Ghosh Supradip
Department of Critical Care Medicine, Fortis Escorts Hospital, Faridabad, Haryana, India.
Indian J Crit Care Med. 2024 Aug;28(8):792-795. doi: 10.5005/jp-journals-10071-24767. Epub 2024 Jul 31.
In hospital-acquired pneumonia (HAP) due to extensively drug resistant gram-negative pathogens, can treatment with high-dose colistin aerosolization using specific aerosol delivery protocol, improve clinical outcome in addition to systemic polymyxin-B?
In a randomized control trial, invasively ventilated adult ICU patients with HAP in whom clinicians decided to start systemic polypeptide antibiotics, were randomized to receive either intravenous polymyxin-B plus high-dose colistin nebulization (5-MIU 8-hourly) using specific protocol or intravenous polymyxin-B alone.
The study was closed early after recruiting 60% of planned patients because of slow rate of recruitment (24 patients in over 30 months). Treatment success (Primary outcome) was nonsignificantly higher in intervention group (63.66 vs 30.77%; = 0.217). There was higher rate of microbiological cure in intervention group (60 vs 9.09%: = 0.018). Numerically better secondary outcomes including fever-free days, ventilator- or vasopressor free days at day-7, ICU and hospital mortality also did not reach statistical significance. Two episodes of transient hypoxia were seen during aerosol delivery. However, overall incidences of adverse effects were not different between groups.

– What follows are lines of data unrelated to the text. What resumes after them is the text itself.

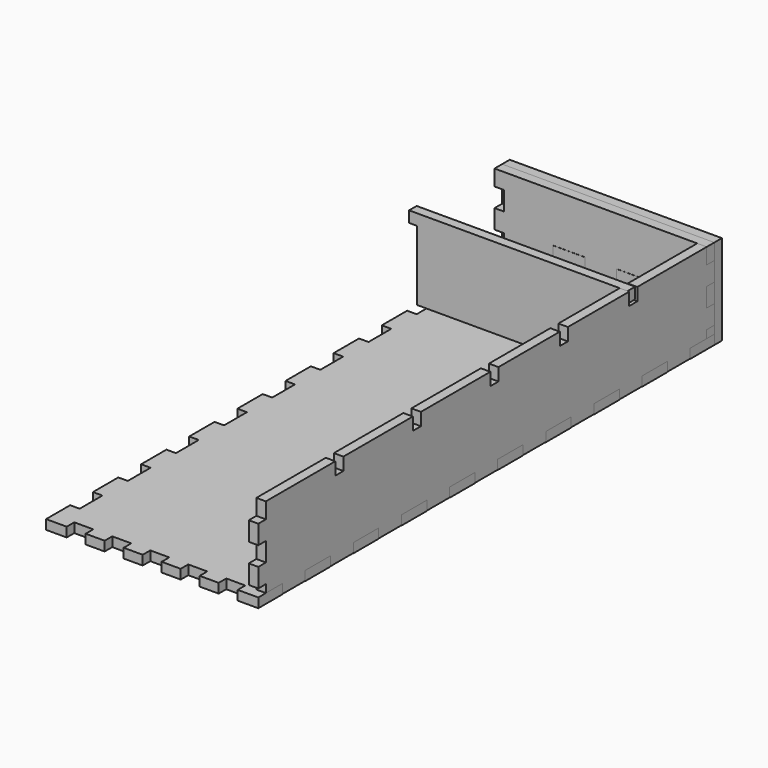
from build123d import *

# Parameters (mm, degrees)
F0_W      = 10
F0_H      = 3.0292458832
F0_W_2    = 3
F0_H_2    = 6
F1_DEPTH  = 3
F3_DEPTH  = 3
F4_W      = 9
F4_H      = 2.9129978023
F4_W_2    = 3
F4_H_2    = 6
F5_DEPTH  = 3
F6_W      = 10
F6_H      = 3
F7_DEPTH  = 3
F9_W      = 3.2
F9_H      = 4
F10_DEPTH = 67.001
F11_W     = 2.5
F11_H     = 3.5
F12_DEPTH = 3
F8_W      = 3
F8_H      = 6
F8_W_2    = 6.5
F8_H_2    = 3
F8_W_3    = 6
F13_DEPTH = 3


with BuildPart() as f1:
    # F0 (on Front) → F1 (new body)
    with BuildSketch(Plane.XZ):
        Polygon((6.5, 3), (6.5, 0), (12.5, 0), (12.5, 3), (18.5, 3), (18.5, 0), (24.5, 0), (24.5, 3), (30.5, 3), (30.5, 0), (36.5, 0), (36.5, 3), (42.5, 3), (42.5, 0), (48.5, 0), (48.5, 3), (54.5, 3), (54.5, 0), (60.5, 0), (60.5, 3), (67, 3), (67, 5.5), (64, 5.5), (64, 11.5), (64, 17.5), (64, 23.5), (67, 23.5), (67, 28.5), (0, 28.5), (0, 23.5), (3, 23.5), (3, 17.5), (3, 11.5), (3, 5.5), (0, 5.5), (0, 3), align=None)
        with Locations((23.5, 11.6221904755)):
            Rectangle(F0_W, F0_H, mode=Mode.SUBTRACT)
        with Locations((43.5, 11.6221904755)):
            Rectangle(F0_W, F0_H, mode=Mode.SUBTRACT)
        with Locations((1.5, 14.5)):
            Rectangle(F0_W_2, F0_H_2)
        with Locations((65.5, 14.5)):
            Rectangle(F0_W_2, F0_H_2)
    extrude(amount=F1_DEPTH)


with BuildPart() as f3:
    # F2 (on Top) → F3 (new body)
    with BuildSketch(Plane.XY):
        Polygon((0, -170.5), (0, -180), (6.5, -180), (6.5, -177), (12.5, -177), (12.5, -180), (18.5, -180), (18.5, -177), (24.5, -177), (24.5, -180), (30.5, -180), (30.5, -177), (36.5, -177), (36.5, -180), (42.5, -180), (42.5, -177), (48.5, -177), (48.5, -180), (54.5, -180), (54.5, -177), (60.5, -177), (60.5, -180), (67, -180), (67, -170.5), (64, -170.5), (64, -161.5), (67, -161.5), (67, -151.5), (64, -151.5), (64, -142.5), (67, -142.5), (67, -132.5), (64, -132.5), (64, -123.5), (67, -123.5), (67, -113.5), (64, -113.5), (64, -104.5), (67, -104.5), (67, -94.5), (64, -94.5), (64, -85.5), (67, -85.5), (67, -75.5), (64, -75.5), (64, -66.5), (67, -66.5), (67, -56.5), (64, -56.5), (64, -47.5), (67, -47.5), (67, -37.5), (64, -37.5), (64, -28.5), (67, -28.5), (67, -18.5), (64, -18.5), (64, -9.5), (67, -9.5), (67, 0), (60.5, 0), (60.5, -3), (54.5, -3), (54.5, 0), (48.5, 0), (48.5, -3), (42.5, -3), (42.5, 0), (36.5, 0), (36.5, -3), (30.5, -3), (30.5, 0), (24.5, 0), (24.5, -3), (18.5, -3), (18.5, 0), (12.5, 0), (12.5, -3), (6.5, -3), (6.5, 0), (0, 0), (0, -9.5), (3, -9.5), (3, -18.5), (0, -18.5), (0, -28.5), (3, -28.5), (3, -37.5), (0, -37.5), (0, -47.5), (3, -47.5), (3, -56.5), (0, -56.5), (0, -66.5), (3, -66.5), (3, -75.5), (0, -75.5), (0, -85.5), (3, -85.5), (3, -94.5), (0, -94.5), (0, -104.5), (3, -104.5), (3, -113.5), (0, -113.5), (0, -123.5), (3, -123.5), (3, -132.5), (0, -132.5), (0, -142.5), (3, -142.5), (3, -151.5), (0, -151.5), (0, -161.5), (3, -161.5), (3, -170.5), align=None)
    extrude(amount=F3_DEPTH)


with BuildPart() as f5:
    # F4 (on face) → F5 (new body)
    with BuildSketch(Plane.YZ.offset(67)):
        Polygon((-28.5, 3), (-18.5, 3), (-9.5, 3), (-3, 3), (-3, 5.5), (-3, 11.5), (-3, 17.5), (-3, 23.5), (-3, 28.5), (-177, 28.5), (-177, 23.5), (-177, 17.5), (-177, 11.5), (-177, 5.5), (-177, 3), (-170.5, 3), (-161.5, 3), (-151.5, 3), (-142.5, 3), (-132.5, 3), (-123.5, 3), (-113.5, 3), (-104.5, 3), (-94.5, 3), (-85.5, 3), (-75.5, 3), (-66.5, 3), (-56.5, 3), (-47.5, 3), (-37.5, 3), align=None)
        with Locations((-166, 1.5435010988)):
            Rectangle(F4_W, F4_H)
        with Locations((-147, 1.5435010988)):
            Rectangle(F4_W, F4_H)
        with Locations((-128, 1.5435010988)):
            Rectangle(F4_W, F4_H)
        with Locations((-109, 1.5435010988)):
            Rectangle(F4_W, F4_H)
        with Locations((-90, 1.5435010988)):
            Rectangle(F4_W, F4_H)
        with Locations((-71, 1.5435010988)):
            Rectangle(F4_W, F4_H)
        with Locations((-52, 1.5435010988)):
            Rectangle(F4_W, F4_H)
        with Locations((-33, 1.5435010988)):
            Rectangle(F4_W, F4_H)
        with Locations((-14, 1.5435010988)):
            Rectangle(F4_W, F4_H)
        with Locations((-1.5, 8.5)):
            Rectangle(F4_W_2, F4_H_2)
        with Locations((-1.5, 20.5)):
            Rectangle(F4_W_2, F4_H_2)
        with Locations((-178.5, 8.5)):
            Rectangle(F4_W_2, F4_H_2)
        with Locations((-178.5, 20.5)):
            Rectangle(F4_W_2, F4_H_2)
    extrude(amount=-F5_DEPTH)

    # F9 (on face) → F10 (cut, through all)
    with BuildSketch(Plane.YZ.offset(67)):
        with Locations((-148, 26.5)):
            Rectangle(F9_W, F9_H)
        with Locations((-117.4, 26.5)):
            Rectangle(F9_W, F9_H)
        with Locations((-86.8, 26.5)):
            Rectangle(F9_W, F9_H)
        with Locations((-59.4, 26.5)):
            Rectangle(F9_W, F9_H)
        with Locations((-32, 26.5)):
            Rectangle(F9_W, F9_H)
    extrude(amount=-F10_DEPTH, mode=Mode.SUBTRACT)


with BuildPart() as f7:
    # F6 (on face) → F7 (new body)
    with BuildSketch(Plane.XY.offset(10.1075675339)):
        with BuildLine():
            Line((48.5, 0), (58.5, 0))
            Line((58.5, 0), (58.5, 5))
            ThreePointArc((58.5, 5), (55.5710678119, 12.0710678119), (48.5, 15))
            Line((48.5, 15), (18.5, 15))
            ThreePointArc((18.5, 15), (11.4289321881, 12.0710678119), (8.5, 5))
            Line((8.5, 5), (8.5, 0))
            Line((8.5, 0), (18.5, 0))
            Line((18.5, 0), (28.5, 0))
            Line((28.5, 0), (38.5, 0))
            Line((38.5, 0), (48.5, 0))
        make_face()
        with Locations((23.5, -1.5)):
            Rectangle(F6_W, F6_H)
        with Locations((43.5, -1.5)):
            Rectangle(F6_W, F6_H)
    extrude(amount=F7_DEPTH)


with BuildPart() as f12:
    # F11 (on face) → F12 (new body)
    with BuildSketch(Plane(origin=(0, -33.6, 0), x_dir=(-1, 0, 0), z_dir=(0, 1, 0))):
        Polygon((0, 28.5), (-64, 28.5), (-64, 25), (-64, 24.5), (-64, 3), (0, 3), (0, 24.5), (0, 25), align=None)
        with Locations((1.25, 26.75)):
            Rectangle(F11_W, F11_H)
        with Locations((-65.25, 26.75)):
            Rectangle(F11_W, F11_H)
    extrude(amount=F12_DEPTH)


with BuildPart() as f13:
    # F8 (on face) → F13 (new body)
    with BuildSketch(Plane(origin=(0, 0, 0), x_dir=(-1, 0, 0), z_dir=(0, 1, 0))):
        Polygon((0, 23.5), (0, 28.5), (-67, 28.5), (-67, 23.5), (-64, 23.5), (-64, 17.5), (-67, 17.5), (-67, 11.5), (-64, 11.5), (-64, 5.5), (-67, 5.5), (-67, 3), (-60.5, 3), (-60.5, 0), (-54.5, 0), (-54.5, 3), (-48.5, 3), (-48.5, 0), (-42.5, 0), (-42.5, 3), (-36.5, 3), (-36.5, 0), (-30.5, 0), (-30.5, 3), (-24.5, 3), (-24.5, 0), (-18.5, 0), (-18.5, 3), (-12.5, 3), (-12.5, 0), (-6.5, 0), (-6.5, 3), (0, 3), (0, 5.5), (-3, 5.5), (-3, 11.5), (0, 11.5), (0, 17.5), (-3, 17.5), (-3, 23.5), align=None)
        Polygon((-38.5, 10.1075675339), (-48.5, 10.1075675339), (-58.5, 10.1075675339), (-58.5, 13.1075675339), (-48.5, 13.1075675339), (-48.5, 13.1368134171), (-38.5, 13.1368134171), (-38.5, 13.1075675339), (-28.5, 13.1075675339), (-28.5, 13.1368134171), (-18.5, 13.1368134171), (-18.5, 13.1075675339), (-8.5, 13.1075675339), (-8.5, 10.1075675339), (-18.5, 10.1075675339), (-28.5, 10.1075675339), align=None, mode=Mode.SUBTRACT)
        with Locations((-1.5, 20.5)):
            Rectangle(F8_W, F8_H)
        with Locations((-65.5, 20.5)):
            Rectangle(F8_W, F8_H)
        with Locations((-1.5, 8.5)):
            Rectangle(F8_W, F8_H)
        with Locations((-65.5, 8.5)):
            Rectangle(F8_W, F8_H)
        with Locations((-3.25, 1.5)):
            Rectangle(F8_W_2, F8_H_2)
        with Locations((-63.75, 1.5)):
            Rectangle(F8_W_2, F8_H_2)
        with Locations((-15.5, 1.5)):
            Rectangle(F8_W_3, F8_H_2)
        with Locations((-51.5, 1.5)):
            Rectangle(F8_W_3, F8_H_2)
        with Locations((-27.5, 1.5)):
            Rectangle(F8_W_3, F8_H_2)
        with Locations((-39.5, 1.5)):
            Rectangle(F8_W_3, F8_H_2)
    extrude(amount=F13_DEPTH)


solid = Compound([f1.part, f3.part, f5.part, f7.part, f12.part, f13.part])

This study could not confirm superiority of high-dose colistin aerosolization plus systemic polymyxin-B strategy over polymyxin-B alone in treating HAP due to extensive drug resistance (XDR) gram-negative pathogens.
Ghosh S. Polymyxin B Plus Aerosolized Colistin vs Polymyxin B Alone in Hospital-acquired Pneumonia ("AEROCOL" Study): A Feasibility Study. Indian J Crit Care Med 2024;28(8):792-795.
在由广泛耐药革兰氏阴性病原体引起的医院获得性肺炎(HAP)中,除全身使用多粘菌素B外,采用特定雾化给药方案进行高剂量多粘菌素雾化治疗能否改善临床结局?
在一项随机对照试验中,将临床医生决定开始使用全身多肽类抗生素治疗的侵入性机械通气成年ICU HAP患者,随机分为两组,一组接受静脉注射多粘菌素B加使用特定方案的高剂量多粘菌素雾化(每8小时500万单位),另一组仅接受静脉注射多粘菌素B。
由于入组速度缓慢(30多个月内入组24例患者),在招募了60%的计划患者后,该研究提前结束。干预组的治疗成功率(主要结局)略高,但无统计学意义(63.66%对30.77%;P = 0.217)。干预组的微生物清除率更高(60%对9.09%:P = 0.018)。包括无发热天数、第7天无呼吸机或血管升压药天数、ICU和医院死亡率等数值上更好的次要结局也未达到统计学意义。在雾化给药期间观察到两例短暂性缺氧发作。然而,两组间不良反应的总体发生率无差异。
本研究无法证实高剂量多粘菌素雾化加全身多粘菌素B策略在治疗由广泛耐药(XDR)革兰氏阴性病原体引起的HAP方面优于单独使用多粘菌素B。
Ghosh S. 多粘菌素B加雾化多粘菌素与单独使用多粘菌素B治疗医院获得性肺炎(“AEROCOL”研究):一项可行性研究。《印度重症监护医学杂志》2024;28(8):792 - 795。